How you do that is going to have to be up to you, you could be upfront and just tell him the moaning is stressing you out and distracting you from work so the door will be closed from now on, or invent some sort of change in working practices from your employer, or a reason why you suddenly need to wear headphones, whatever you think might work. You might also have to avoid venting to him about your work for a while, just until the habit is broken and you can hopefully have more normal conversation about work issues.

He needs a physical boundary setting if he won't respect the verbal ones you've tried to put in place though, he's offloading all his stress onto you and just leaving you stuck with it as things stand and that's really not fair, or sustainable for you.

Skiptheheartsandflowers · 05/05/2022 14:57

Ok. If he genuinely is absolutely amazing outside of this, then I would reframe it. You've said it bothers you. What about it does that? Is it the interrupting you mid working day? is it that you don't like being in a conversation about problems that you can't fix? Work out what can be changed about that. If it's the first thing, then it might be a case of telling him you need to do X urgent thing but that on the dog walk tonight you'll make time to listen. It may be that you resign yourself to listening and making sympathetic noises but stop short of getting involved as you know it's just venting. I don't know. But that's what I would do if, honestly, every other aspect of the relationship was great.

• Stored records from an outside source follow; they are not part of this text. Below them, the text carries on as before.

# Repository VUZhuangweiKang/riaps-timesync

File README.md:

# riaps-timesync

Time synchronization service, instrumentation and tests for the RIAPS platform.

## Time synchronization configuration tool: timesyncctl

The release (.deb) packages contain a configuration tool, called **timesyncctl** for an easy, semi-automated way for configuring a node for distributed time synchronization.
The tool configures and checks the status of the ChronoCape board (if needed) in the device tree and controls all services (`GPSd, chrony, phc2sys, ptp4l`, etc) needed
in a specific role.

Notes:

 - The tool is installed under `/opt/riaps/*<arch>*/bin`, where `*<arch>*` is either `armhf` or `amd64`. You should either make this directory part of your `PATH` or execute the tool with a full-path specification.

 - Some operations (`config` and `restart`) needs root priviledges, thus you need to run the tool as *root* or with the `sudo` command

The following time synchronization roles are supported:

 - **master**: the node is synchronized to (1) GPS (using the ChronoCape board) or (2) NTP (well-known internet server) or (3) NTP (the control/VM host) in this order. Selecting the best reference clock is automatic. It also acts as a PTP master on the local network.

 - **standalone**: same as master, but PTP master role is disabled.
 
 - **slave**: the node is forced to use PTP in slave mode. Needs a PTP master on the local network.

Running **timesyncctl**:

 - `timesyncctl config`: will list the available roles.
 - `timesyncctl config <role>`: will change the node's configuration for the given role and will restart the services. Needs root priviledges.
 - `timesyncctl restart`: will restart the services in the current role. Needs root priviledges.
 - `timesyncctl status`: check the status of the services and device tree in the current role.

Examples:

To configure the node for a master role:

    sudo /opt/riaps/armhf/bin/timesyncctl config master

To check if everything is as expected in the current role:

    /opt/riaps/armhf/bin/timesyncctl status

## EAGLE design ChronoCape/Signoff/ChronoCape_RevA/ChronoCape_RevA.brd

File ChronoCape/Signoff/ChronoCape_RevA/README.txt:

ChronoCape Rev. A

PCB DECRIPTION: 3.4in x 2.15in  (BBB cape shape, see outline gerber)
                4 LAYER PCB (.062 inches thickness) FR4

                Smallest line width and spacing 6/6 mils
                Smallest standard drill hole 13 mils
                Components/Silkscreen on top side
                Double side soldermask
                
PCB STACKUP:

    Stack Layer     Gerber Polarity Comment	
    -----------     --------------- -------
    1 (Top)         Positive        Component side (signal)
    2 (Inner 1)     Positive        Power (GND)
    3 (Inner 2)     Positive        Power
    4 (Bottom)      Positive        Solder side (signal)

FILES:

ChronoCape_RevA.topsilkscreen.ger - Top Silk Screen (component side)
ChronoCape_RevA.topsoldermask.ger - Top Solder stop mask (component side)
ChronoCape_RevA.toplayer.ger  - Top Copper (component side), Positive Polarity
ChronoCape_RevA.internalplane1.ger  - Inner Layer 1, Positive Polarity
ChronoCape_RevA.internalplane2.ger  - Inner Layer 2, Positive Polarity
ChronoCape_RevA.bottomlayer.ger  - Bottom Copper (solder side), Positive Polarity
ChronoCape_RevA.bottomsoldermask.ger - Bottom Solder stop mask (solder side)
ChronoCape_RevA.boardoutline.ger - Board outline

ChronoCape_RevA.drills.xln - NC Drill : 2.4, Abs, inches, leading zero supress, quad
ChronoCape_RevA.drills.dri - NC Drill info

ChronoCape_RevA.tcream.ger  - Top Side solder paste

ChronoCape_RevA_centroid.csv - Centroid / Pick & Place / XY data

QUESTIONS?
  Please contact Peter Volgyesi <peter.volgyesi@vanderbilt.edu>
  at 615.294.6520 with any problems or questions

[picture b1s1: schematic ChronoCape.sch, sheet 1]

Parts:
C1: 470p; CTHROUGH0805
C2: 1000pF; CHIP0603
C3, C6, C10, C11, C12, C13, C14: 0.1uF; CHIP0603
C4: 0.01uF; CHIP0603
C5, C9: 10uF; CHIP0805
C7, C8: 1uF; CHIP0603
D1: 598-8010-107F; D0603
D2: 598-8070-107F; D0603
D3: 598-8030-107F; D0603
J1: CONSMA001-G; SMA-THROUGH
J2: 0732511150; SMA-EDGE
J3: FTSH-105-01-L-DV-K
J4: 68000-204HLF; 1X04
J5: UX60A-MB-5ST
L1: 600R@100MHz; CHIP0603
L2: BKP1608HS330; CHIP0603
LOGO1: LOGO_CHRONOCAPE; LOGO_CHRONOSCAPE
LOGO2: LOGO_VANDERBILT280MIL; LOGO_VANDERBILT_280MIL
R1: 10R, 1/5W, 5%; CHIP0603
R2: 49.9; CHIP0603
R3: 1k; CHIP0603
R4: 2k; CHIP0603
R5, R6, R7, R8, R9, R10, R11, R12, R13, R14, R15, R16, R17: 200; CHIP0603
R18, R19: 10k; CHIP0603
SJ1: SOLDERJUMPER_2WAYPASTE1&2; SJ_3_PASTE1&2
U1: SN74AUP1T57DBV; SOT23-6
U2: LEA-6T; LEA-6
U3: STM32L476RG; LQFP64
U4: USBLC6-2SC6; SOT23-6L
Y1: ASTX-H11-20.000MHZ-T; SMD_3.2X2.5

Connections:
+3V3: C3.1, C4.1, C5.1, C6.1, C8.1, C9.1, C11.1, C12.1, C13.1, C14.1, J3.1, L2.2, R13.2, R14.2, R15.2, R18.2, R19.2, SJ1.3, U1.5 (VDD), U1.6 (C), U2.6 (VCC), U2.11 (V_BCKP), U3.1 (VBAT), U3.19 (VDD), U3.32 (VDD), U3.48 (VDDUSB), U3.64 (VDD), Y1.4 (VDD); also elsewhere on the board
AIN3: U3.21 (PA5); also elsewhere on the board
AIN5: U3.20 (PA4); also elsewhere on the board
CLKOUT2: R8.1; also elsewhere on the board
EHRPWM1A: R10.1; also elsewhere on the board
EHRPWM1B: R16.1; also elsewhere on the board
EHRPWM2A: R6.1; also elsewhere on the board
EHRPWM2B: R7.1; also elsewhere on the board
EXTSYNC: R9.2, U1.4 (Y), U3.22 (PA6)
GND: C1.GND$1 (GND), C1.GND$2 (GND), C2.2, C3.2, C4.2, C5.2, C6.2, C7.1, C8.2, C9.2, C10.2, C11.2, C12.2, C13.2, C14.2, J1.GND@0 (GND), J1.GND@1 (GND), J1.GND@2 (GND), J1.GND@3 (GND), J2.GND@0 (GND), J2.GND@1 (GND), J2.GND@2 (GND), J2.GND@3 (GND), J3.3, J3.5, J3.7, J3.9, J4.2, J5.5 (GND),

Presidente · 05/05/2022 15:01

The thing is, I don't at all mind him venting about work. We both do it. We share the load. We help each other with tricky emails. We ask each other's advice on stuff. We help each other to navigate difficult situations. That kind of 'acute' stress and support is totally fine. We work in the same sector so we can support each other because we broadly know what each other is going through.

What I find difficult is the more 'chronic' misery around work. Acute stress is just a normal part of having a well-paid professional job. It's the chronic misery around having to work AT ALL (i.e. not just in his particular job, but just working full stop) that I can't get my head around or get onboard with.

There are some behaviour changes needed but I also think its just a total change of mindset he needs. Or, rather, that I would like him to have!

OP posts:
Blessmyears · 05/05/2022 19:44

Ah, I get it now, it's his fundamental attitude to working then, has he always been like this? Harder to put the kind of physical barrier I mentioned in place if it's his overall mindset to it but I still think you can create some boundaries around his behaviour and it's effects on you.

I would start with an honest conversation, explain that you obviously have different approaches to work in general and that you're finding his approach difficult to be around. Talk about how it's making you feel rather than slinging accusations or blame and say that you want to find a balance where he feels supported without making you feel drained. And then figure out some strategies where you can effectively stop him before he starts, he's entitled to hate working but he's not entitled to make you miserable because of it.

Ultimately you can't change his character though and he has to be willing to work with you. If he's not then he's risking his negativity gradually chipping away at your feelings for him.